Classwork and Homework After the presentation- Students will watch the following video on “The Hobbit” and in one paragraph, compare and contrast what is seen in the video with what was discussed in class. The Video link: http://www.cbsnews.com/video/watch/?id=692265n&tag=related;photovideo For Homework Pick one of the following organisms and compare it with what we discussed in class. How did this animal adapt to its changing environment? Create a chart on a piece of paper showing the similarities and differences between your animal and the Key Deer. The Clouded Leopard The Bactrian Camel The Northern Snakehead
Day 3 – The Dynamic World The Purpose: This section will give students and understanding of how the changing world affects organisms. We will examine both human and natural changes to an ecosystem and predict how the organism (in this case) the Key Deer react and adapt, if they can. Essential Questions: How do you think organisms will react to changes in their environment?
Discussion During a PowerPoint presentation, students will given a set of circumstances that will allow them to theorize what would happen. These include climate shifts, oil spill destruction and the lack of a national refuge conservation plan. Questions posed to the students create a classroom dialogue about theories and outcomes. They will begin to predict effects of changes on environments.
Classwork After the presentation students will form groups of three and complete: “In your backyard!” Directions: 1. Chose an animal found in your backyard. 2. What would happen if all humans disappeared? What would happen to your animal? Answer the following questions: 1. What is your animal? 2. What is unique about your animal? 3. If humans disappeared, would the population of your animal increase or decrease? Why? 4. Would your animal have to adapt in some way to survive?
Homework On your own, take the same animal that you used in class and answer the following questions. If you use a source make sure to cite it!

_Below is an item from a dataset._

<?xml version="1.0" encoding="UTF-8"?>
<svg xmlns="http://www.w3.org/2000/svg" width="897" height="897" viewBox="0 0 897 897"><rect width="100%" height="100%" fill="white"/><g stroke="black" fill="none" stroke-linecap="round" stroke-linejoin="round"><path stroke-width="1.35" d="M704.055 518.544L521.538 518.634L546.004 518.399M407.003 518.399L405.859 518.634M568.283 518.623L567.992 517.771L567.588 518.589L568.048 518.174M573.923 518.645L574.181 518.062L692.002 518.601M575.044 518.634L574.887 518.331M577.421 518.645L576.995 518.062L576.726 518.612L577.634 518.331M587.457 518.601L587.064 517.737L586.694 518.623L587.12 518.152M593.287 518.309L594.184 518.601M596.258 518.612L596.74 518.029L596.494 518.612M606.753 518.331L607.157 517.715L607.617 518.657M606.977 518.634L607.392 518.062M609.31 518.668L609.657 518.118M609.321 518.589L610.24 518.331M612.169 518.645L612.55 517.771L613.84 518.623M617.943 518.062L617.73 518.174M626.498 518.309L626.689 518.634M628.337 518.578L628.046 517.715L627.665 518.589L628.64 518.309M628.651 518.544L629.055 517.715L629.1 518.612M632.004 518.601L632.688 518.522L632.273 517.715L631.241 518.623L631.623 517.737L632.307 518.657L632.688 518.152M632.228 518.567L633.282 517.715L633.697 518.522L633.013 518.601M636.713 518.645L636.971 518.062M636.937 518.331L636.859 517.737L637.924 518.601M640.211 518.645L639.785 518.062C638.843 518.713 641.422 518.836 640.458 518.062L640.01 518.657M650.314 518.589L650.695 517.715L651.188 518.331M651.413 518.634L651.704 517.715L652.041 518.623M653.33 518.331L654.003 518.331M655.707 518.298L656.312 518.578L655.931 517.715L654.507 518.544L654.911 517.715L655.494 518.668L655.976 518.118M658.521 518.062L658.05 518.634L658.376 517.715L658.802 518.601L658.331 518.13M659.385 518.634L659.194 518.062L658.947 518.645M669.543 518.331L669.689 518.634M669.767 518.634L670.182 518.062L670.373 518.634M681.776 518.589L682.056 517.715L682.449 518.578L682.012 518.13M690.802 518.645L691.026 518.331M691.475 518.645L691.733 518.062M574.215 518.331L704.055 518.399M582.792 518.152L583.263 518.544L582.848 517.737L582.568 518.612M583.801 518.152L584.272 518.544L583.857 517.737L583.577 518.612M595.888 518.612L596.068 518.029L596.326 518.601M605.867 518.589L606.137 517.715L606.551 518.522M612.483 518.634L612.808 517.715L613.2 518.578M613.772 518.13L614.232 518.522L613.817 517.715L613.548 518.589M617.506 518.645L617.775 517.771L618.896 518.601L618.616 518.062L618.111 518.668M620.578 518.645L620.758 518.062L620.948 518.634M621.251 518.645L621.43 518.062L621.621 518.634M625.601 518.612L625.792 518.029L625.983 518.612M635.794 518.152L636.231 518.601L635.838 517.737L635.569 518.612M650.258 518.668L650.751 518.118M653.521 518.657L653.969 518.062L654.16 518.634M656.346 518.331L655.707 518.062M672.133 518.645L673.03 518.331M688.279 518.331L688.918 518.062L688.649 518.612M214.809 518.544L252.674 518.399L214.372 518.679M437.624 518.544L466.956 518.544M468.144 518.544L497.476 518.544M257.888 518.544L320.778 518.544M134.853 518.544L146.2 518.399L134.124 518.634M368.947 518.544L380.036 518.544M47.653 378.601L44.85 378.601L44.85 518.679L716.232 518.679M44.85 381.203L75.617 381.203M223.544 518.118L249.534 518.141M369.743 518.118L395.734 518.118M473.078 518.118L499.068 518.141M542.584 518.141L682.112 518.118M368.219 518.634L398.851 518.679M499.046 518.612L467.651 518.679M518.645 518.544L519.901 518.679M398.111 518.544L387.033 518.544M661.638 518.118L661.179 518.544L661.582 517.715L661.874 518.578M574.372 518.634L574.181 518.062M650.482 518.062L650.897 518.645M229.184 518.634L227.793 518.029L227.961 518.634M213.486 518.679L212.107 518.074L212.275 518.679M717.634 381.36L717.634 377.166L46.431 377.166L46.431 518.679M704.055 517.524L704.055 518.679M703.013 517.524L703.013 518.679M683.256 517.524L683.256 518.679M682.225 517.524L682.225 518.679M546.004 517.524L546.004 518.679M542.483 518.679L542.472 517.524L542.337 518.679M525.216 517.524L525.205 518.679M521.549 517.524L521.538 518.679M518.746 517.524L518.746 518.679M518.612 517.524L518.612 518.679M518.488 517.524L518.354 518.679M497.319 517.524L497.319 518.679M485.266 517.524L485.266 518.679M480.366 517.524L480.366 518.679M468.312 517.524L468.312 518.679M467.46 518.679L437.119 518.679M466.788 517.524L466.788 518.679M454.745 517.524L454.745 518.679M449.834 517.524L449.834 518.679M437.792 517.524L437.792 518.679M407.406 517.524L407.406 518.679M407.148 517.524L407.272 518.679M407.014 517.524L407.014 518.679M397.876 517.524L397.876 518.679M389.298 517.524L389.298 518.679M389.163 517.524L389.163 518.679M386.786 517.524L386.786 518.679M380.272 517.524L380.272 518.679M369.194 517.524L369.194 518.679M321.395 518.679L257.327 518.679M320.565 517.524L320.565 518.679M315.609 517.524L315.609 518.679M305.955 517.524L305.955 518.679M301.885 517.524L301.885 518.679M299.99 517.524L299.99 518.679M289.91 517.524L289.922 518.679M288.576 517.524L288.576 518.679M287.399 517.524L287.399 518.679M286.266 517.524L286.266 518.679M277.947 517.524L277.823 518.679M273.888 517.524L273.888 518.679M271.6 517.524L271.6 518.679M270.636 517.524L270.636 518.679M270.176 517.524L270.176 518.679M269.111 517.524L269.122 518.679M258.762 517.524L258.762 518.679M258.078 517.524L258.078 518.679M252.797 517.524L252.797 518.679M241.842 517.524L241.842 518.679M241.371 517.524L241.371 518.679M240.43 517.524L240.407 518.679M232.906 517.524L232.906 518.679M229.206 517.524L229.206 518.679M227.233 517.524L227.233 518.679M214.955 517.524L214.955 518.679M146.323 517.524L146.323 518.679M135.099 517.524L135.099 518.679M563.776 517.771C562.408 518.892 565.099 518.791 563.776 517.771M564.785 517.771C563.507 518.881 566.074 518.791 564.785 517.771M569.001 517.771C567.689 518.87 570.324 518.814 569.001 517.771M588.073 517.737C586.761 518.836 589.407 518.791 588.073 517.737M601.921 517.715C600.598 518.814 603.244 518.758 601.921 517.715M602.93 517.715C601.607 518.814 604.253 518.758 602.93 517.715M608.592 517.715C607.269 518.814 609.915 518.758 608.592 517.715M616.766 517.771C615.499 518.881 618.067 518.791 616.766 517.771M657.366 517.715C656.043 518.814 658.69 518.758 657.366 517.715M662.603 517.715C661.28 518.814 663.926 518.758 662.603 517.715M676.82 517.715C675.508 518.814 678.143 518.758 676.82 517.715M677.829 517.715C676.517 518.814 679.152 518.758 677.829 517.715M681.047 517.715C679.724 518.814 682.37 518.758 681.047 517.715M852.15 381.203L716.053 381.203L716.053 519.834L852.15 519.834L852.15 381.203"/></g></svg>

Another ice age forms and the average summer temperature is 37 and average winter temperature is -5.
What happens to the population of the animal? What new adaptation would allow the animal to survive?
Your animal’s primary predator doubles its population due to a new adaptation!
What happens to the population of your animal? What new adaptation would allow your animal to survive?
Conclusive Activities Quiz Project Student will complete a short quiz. The quiz includes matching the definitions found in the three days of material. Short answers on questions from the material. One essay question require students to apply what they have learned to a given situation. Students will be required to incorporate the material into a culminating project. The project for this section will be to select 10 different adaptations found in nature and display them in a catalog for “organisms” to shop from. Each adaptation must be defined and “sold.”